[Records contained in a dataset]
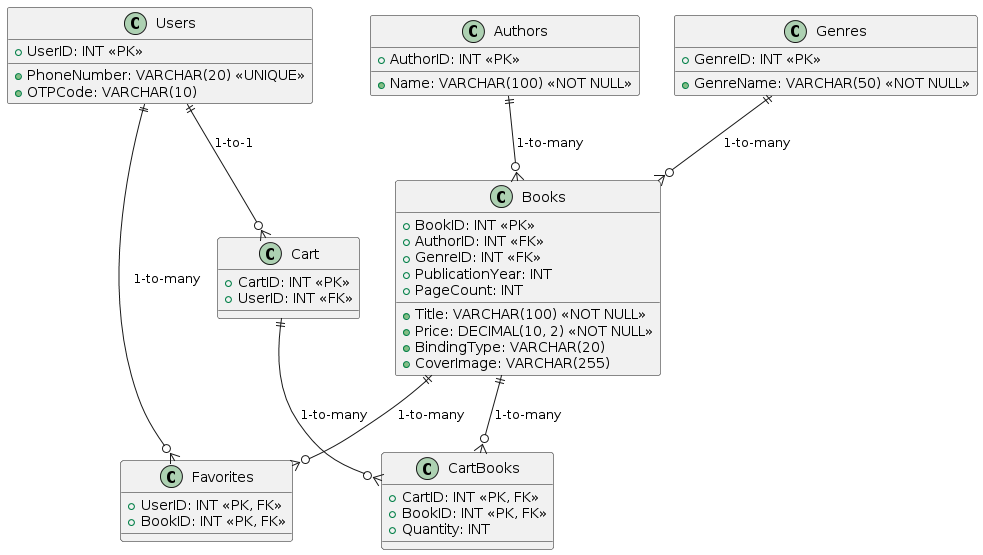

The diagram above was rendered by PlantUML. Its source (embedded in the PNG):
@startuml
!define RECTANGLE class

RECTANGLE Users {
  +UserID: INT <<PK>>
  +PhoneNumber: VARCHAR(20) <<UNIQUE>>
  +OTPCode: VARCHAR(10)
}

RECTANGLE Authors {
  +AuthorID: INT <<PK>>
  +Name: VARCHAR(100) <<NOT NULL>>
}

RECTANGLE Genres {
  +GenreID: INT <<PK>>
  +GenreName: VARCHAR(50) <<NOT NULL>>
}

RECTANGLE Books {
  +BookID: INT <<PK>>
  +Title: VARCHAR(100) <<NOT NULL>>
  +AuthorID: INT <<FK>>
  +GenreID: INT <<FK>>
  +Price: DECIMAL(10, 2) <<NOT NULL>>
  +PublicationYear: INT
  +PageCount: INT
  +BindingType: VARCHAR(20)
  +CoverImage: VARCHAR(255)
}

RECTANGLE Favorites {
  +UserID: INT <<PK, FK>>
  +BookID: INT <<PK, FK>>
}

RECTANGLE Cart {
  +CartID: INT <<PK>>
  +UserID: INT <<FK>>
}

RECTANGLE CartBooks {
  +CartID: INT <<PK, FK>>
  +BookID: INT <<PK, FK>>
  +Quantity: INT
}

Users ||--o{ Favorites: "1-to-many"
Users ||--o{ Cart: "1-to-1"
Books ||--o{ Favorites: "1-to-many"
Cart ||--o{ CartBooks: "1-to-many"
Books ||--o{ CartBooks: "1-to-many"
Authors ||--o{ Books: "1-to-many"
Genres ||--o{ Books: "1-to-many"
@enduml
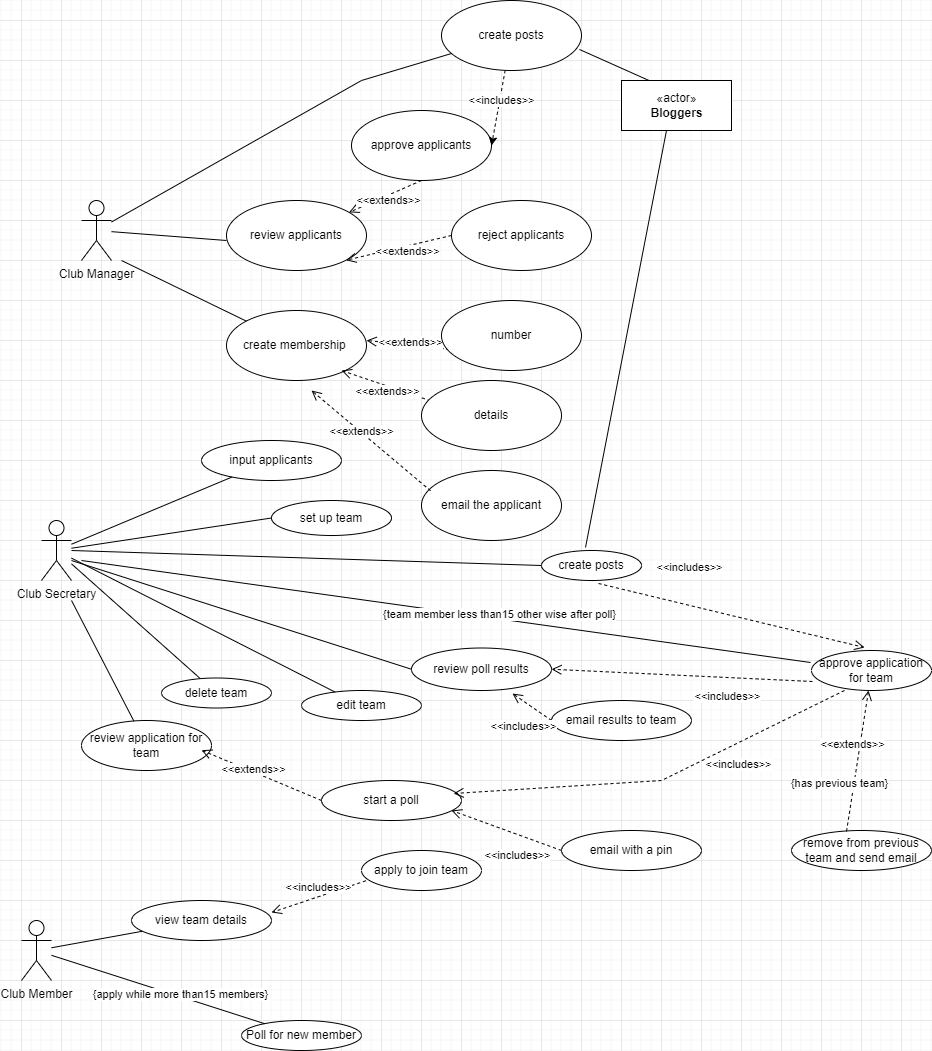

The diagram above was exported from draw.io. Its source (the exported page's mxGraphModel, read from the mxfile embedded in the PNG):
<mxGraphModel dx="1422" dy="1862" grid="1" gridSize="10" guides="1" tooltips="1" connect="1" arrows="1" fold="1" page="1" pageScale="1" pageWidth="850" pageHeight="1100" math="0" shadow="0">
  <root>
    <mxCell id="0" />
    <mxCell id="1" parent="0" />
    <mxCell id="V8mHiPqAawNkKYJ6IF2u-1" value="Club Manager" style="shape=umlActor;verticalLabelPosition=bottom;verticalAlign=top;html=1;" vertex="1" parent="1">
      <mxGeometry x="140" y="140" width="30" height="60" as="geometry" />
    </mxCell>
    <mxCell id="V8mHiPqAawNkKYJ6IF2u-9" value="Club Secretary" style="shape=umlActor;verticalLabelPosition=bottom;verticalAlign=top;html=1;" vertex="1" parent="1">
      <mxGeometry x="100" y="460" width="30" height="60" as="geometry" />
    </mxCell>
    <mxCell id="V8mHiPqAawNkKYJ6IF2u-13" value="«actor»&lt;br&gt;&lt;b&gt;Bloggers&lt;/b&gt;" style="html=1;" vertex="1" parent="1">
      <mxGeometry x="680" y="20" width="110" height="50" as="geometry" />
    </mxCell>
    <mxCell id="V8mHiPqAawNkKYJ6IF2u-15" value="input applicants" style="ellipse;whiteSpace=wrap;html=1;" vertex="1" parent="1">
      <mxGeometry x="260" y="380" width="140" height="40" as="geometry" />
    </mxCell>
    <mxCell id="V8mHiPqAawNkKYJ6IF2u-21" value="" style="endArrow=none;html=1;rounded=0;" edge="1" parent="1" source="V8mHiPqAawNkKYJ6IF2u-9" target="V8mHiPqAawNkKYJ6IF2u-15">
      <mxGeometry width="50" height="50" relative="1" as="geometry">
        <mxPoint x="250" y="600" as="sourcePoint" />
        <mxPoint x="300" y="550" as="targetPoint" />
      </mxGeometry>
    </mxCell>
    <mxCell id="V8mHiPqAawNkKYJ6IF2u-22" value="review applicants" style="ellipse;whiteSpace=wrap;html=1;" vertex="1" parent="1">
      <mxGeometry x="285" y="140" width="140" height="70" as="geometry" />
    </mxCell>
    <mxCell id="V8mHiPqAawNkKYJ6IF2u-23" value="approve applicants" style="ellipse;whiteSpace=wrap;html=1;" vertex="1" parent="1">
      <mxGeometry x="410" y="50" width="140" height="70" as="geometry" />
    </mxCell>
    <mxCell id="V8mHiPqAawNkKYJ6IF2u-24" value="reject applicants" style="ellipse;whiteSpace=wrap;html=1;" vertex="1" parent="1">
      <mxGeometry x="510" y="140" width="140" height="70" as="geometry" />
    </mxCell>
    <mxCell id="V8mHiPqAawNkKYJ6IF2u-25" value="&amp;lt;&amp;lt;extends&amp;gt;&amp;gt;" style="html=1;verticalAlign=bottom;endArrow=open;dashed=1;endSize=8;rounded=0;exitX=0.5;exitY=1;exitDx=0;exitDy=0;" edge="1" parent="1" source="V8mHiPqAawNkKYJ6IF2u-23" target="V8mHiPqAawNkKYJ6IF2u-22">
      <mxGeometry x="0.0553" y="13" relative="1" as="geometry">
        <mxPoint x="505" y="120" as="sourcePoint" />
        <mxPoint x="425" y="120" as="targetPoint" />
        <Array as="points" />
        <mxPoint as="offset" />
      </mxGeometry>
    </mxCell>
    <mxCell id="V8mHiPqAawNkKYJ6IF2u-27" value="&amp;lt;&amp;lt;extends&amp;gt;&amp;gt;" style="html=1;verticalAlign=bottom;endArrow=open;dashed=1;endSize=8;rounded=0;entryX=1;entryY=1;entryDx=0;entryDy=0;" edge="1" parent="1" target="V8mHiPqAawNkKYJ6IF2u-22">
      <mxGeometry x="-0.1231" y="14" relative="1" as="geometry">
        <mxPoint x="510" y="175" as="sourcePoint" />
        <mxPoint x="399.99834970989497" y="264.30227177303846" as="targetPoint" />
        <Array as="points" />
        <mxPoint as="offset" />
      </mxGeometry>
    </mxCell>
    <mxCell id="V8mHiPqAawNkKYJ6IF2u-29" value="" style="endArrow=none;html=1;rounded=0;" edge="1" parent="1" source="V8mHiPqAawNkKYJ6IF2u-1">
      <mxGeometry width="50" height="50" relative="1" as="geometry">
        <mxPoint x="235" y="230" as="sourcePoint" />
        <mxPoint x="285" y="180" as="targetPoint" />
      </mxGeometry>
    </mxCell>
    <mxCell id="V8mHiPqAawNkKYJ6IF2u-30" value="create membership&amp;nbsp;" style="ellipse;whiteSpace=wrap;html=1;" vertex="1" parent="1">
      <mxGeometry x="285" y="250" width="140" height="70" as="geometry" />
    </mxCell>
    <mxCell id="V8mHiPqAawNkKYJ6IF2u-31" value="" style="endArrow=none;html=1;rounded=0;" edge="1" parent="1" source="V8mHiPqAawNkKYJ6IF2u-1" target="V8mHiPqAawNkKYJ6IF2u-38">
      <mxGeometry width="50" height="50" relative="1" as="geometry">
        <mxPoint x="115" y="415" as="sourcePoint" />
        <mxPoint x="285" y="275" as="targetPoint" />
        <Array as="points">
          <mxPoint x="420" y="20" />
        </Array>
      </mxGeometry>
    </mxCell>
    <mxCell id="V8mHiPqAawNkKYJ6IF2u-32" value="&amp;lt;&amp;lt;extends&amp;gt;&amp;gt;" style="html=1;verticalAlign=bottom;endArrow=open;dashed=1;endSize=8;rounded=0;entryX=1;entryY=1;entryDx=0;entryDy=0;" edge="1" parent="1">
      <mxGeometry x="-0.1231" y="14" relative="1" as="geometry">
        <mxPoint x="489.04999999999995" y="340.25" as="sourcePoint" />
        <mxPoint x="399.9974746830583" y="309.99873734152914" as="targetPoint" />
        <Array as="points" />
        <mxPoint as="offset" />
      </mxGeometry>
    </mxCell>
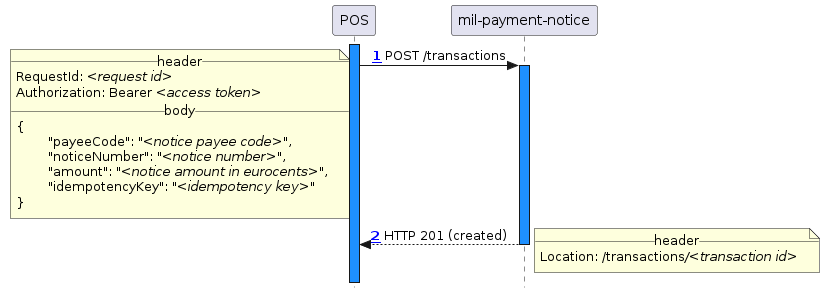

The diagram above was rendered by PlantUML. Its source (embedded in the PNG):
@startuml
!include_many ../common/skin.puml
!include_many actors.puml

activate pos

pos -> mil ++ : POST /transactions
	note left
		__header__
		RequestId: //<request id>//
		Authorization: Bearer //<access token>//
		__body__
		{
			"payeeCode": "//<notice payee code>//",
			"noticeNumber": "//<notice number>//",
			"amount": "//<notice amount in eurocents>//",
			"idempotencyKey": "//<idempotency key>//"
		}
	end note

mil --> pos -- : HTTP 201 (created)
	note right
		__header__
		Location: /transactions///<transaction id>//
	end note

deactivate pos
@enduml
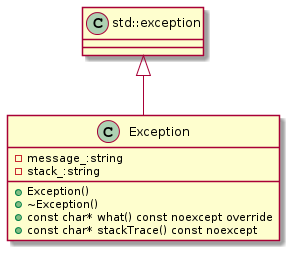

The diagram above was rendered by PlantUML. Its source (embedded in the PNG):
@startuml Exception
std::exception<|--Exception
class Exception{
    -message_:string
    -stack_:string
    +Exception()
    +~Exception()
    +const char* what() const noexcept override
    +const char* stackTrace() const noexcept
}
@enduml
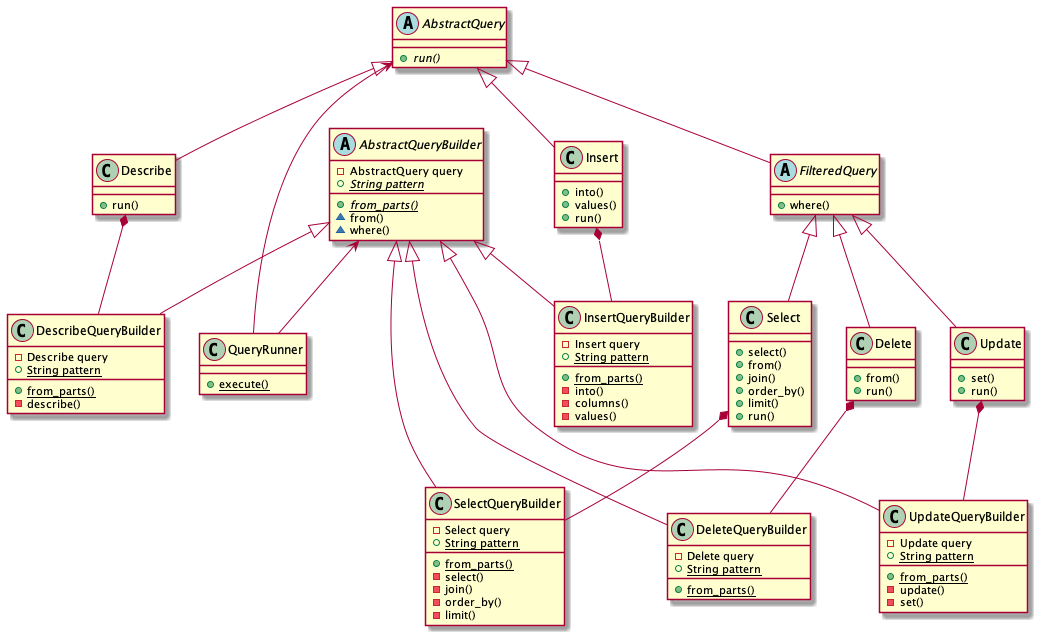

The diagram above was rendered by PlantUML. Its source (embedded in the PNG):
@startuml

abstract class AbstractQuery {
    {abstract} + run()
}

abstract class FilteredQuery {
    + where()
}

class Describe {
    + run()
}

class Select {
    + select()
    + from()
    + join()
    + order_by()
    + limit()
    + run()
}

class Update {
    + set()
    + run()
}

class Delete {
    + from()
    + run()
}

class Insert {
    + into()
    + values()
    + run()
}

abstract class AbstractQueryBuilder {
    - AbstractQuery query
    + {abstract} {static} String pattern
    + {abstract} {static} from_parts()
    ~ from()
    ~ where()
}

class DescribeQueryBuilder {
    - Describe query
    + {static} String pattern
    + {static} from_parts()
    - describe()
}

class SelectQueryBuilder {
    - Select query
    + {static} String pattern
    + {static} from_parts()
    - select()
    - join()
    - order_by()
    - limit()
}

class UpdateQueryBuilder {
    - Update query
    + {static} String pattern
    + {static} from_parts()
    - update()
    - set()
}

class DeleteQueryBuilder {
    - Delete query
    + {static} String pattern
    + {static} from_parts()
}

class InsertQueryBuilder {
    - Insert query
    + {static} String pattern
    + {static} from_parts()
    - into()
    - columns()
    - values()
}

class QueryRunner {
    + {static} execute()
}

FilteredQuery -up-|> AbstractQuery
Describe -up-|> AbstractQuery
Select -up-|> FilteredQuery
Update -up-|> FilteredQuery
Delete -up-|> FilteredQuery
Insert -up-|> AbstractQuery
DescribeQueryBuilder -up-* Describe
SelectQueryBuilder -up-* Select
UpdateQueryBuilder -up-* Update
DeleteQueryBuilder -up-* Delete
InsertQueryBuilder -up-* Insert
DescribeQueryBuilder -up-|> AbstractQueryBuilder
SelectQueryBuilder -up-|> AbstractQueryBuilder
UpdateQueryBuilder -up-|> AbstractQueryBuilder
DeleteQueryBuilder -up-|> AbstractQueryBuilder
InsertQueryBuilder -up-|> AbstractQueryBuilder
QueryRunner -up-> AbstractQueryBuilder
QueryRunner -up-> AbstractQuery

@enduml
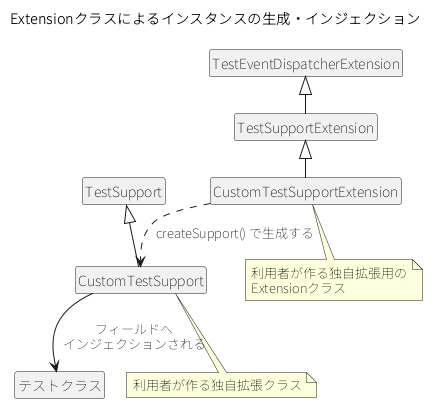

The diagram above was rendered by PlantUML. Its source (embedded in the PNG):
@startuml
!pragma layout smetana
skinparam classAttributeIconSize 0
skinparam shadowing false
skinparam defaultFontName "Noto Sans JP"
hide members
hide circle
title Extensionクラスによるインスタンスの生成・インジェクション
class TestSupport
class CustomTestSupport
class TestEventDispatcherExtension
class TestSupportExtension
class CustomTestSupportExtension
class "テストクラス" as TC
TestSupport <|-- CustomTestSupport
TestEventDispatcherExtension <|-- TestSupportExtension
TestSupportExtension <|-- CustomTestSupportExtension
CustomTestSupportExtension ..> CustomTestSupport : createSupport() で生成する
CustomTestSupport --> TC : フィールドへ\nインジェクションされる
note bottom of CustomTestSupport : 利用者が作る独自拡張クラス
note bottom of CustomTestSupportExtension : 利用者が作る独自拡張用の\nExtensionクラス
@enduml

_AIM OF THE TASK_
Would you copy every line of the entries in which "CustomTestSupportExtension" appears?

_EXPECTED ANSWER_
class CustomTestSupportExtension
TestSupportExtension <|-- CustomTestSupportExtension
CustomTestSupportExtension ..> CustomTestSupport : createSupport() で生成する
note bottom of CustomTestSupportExtension : 利用者が作る独自拡張用の\nExtensionクラス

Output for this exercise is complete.